Identifying Appropriate Test Statistics Involving Population Mean
 
E-Commerce Order PredictionShraddha Kamble.pptx
E-Commerce Order PredictionShraddha Kamble.pptxE-Commerce Order PredictionShraddha Kamble.pptx
E-Commerce Order PredictionShraddha Kamble.pptx
 
Multiple time frame trading analysis -brianshannon.pdf
Multiple time frame trading analysis -brianshannon.pdfMultiple time frame trading analysis -brianshannon.pdf
Multiple time frame trading analysis -brianshannon.pdf
 
9711147426✨Call In girls Gurgaon Sector 31. SCO 25 escort service
9711147426✨Call In girls Gurgaon Sector 31. SCO 25 escort service9711147426✨Call In girls Gurgaon Sector 31. SCO 25 escort service
9711147426✨Call In girls Gurgaon Sector 31. SCO 25 escort service
 
PKS-TGC-1084-630 - Stage 1 Proposal.pptx
PKS-TGC-1084-630 - Stage 1 Proposal.pptxPKS-TGC-1084-630 - Stage 1 Proposal.pptx
PKS-TGC-1084-630 - Stage 1 Proposal.pptx
 
From idea to production in a day – Leveraging Azure ML and Streamlit to build...
From idea to production in a day – Leveraging Azure ML and Streamlit to build...From idea to production in a day – Leveraging Azure ML and Streamlit to build...

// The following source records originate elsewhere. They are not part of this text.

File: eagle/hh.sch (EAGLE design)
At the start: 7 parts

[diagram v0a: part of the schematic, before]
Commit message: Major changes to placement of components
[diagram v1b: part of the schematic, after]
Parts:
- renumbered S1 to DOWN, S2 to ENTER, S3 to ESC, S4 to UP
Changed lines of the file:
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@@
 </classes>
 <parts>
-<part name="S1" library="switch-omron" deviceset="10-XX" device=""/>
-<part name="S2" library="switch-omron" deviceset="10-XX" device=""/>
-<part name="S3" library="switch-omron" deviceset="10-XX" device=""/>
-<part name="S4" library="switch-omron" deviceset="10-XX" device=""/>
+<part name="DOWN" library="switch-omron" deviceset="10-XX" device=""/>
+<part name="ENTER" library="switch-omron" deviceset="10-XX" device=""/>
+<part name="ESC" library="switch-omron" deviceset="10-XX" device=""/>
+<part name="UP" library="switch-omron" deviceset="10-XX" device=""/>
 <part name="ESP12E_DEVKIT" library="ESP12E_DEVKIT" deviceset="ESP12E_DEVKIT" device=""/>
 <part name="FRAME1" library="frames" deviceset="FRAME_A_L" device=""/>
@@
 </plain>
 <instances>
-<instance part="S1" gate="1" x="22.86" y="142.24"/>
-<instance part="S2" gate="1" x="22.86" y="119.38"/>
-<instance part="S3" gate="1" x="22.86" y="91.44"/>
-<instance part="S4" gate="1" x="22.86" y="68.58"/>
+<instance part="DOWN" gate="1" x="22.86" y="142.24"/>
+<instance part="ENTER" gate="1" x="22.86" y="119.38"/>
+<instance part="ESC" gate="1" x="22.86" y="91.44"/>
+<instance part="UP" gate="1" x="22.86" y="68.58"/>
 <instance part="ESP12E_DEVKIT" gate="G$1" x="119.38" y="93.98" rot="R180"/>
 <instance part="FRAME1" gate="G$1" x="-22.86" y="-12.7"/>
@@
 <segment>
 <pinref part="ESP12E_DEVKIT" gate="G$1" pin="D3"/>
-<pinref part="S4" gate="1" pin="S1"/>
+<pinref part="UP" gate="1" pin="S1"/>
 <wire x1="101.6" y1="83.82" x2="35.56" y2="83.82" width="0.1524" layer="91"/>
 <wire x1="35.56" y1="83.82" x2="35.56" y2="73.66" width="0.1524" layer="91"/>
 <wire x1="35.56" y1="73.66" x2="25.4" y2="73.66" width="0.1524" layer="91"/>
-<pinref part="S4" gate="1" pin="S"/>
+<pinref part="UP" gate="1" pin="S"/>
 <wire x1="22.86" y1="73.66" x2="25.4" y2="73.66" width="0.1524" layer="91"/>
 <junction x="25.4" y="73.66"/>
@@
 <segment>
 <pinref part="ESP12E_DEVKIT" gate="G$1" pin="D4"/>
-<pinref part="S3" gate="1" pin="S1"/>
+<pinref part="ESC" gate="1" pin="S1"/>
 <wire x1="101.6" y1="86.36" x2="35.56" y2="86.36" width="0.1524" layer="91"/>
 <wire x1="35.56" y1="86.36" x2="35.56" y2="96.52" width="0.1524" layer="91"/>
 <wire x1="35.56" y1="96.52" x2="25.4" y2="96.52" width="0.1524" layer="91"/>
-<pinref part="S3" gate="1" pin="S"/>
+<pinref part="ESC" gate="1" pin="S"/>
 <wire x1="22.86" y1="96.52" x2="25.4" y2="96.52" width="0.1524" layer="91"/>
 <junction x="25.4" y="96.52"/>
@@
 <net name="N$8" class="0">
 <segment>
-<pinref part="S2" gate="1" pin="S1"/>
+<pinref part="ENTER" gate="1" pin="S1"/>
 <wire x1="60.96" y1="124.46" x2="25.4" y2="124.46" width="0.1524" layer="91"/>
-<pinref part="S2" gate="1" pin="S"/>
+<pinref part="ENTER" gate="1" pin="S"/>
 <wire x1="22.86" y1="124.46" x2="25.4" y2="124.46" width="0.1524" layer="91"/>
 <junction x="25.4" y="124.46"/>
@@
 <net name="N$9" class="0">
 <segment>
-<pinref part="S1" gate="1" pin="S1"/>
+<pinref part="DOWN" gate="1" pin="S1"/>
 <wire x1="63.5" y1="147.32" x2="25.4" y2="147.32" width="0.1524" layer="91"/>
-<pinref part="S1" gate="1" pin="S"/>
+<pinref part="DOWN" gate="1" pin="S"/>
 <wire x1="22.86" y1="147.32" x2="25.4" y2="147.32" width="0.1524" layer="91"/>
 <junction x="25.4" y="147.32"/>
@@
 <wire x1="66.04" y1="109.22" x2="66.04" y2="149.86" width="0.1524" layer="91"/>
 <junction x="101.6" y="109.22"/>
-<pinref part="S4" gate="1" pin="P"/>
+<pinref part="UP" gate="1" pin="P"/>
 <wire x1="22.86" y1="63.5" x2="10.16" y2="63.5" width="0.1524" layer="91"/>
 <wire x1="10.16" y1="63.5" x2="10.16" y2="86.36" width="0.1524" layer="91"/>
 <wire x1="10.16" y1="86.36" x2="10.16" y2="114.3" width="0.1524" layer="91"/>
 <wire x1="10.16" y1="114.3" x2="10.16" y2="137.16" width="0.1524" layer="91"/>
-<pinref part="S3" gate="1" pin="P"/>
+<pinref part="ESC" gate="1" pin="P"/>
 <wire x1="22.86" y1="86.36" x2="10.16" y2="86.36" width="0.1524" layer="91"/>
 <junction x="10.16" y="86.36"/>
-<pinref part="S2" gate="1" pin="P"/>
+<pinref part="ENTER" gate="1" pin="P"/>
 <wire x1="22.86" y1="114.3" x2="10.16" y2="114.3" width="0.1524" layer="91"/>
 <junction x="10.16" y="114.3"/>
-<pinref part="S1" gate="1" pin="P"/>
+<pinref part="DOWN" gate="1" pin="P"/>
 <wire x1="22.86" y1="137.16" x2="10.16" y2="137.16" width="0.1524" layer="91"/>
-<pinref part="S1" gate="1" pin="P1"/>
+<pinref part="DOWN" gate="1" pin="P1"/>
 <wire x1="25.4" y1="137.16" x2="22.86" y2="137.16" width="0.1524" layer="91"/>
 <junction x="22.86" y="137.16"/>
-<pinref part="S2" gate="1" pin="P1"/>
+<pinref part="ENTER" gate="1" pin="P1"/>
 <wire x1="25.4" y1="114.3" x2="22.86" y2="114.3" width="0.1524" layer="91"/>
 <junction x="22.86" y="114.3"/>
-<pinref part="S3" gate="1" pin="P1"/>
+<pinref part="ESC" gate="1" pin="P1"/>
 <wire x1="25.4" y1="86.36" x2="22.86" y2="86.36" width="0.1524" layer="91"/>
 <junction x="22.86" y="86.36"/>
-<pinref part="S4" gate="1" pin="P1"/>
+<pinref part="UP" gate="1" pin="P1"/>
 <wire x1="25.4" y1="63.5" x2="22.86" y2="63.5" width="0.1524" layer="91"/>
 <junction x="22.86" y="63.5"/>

From idea to production in a day – Leveraging Azure ML and Streamlit to build...
 
MK KOMUNIKASI DATA (TI)komdat komdat.docx
MK KOMUNIKASI DATA (TI)komdat komdat.docxMK KOMUNIKASI DATA (TI)komdat komdat.docx
MK KOMUNIKASI DATA (TI)komdat komdat.docx
 
Predicting Salary Using Data Science: A Comprehensive Analysis.pdf
Predicting Salary Using Data Science: A Comprehensive Analysis.pdfPredicting Salary Using Data Science: A Comprehensive Analysis.pdf
Predicting Salary Using Data Science: A Comprehensive Analysis.pdf
 
RadioAdProWritingCinderellabyButleri.pdf
RadioAdProWritingCinderellabyButleri.pdfRadioAdProWritingCinderellabyButleri.pdf
RadioAdProWritingCinderellabyButleri.pdf
 
High Class Call Girls Noida Sector 39 Aarushi 🔝8264348440🔝 Independent Escort...
High Class Call Girls Noida Sector 39 Aarushi 🔝8264348440🔝 Independent Escort...High Class Call Girls Noida Sector 39 Aarushi 🔝8264348440🔝 Independent Escort...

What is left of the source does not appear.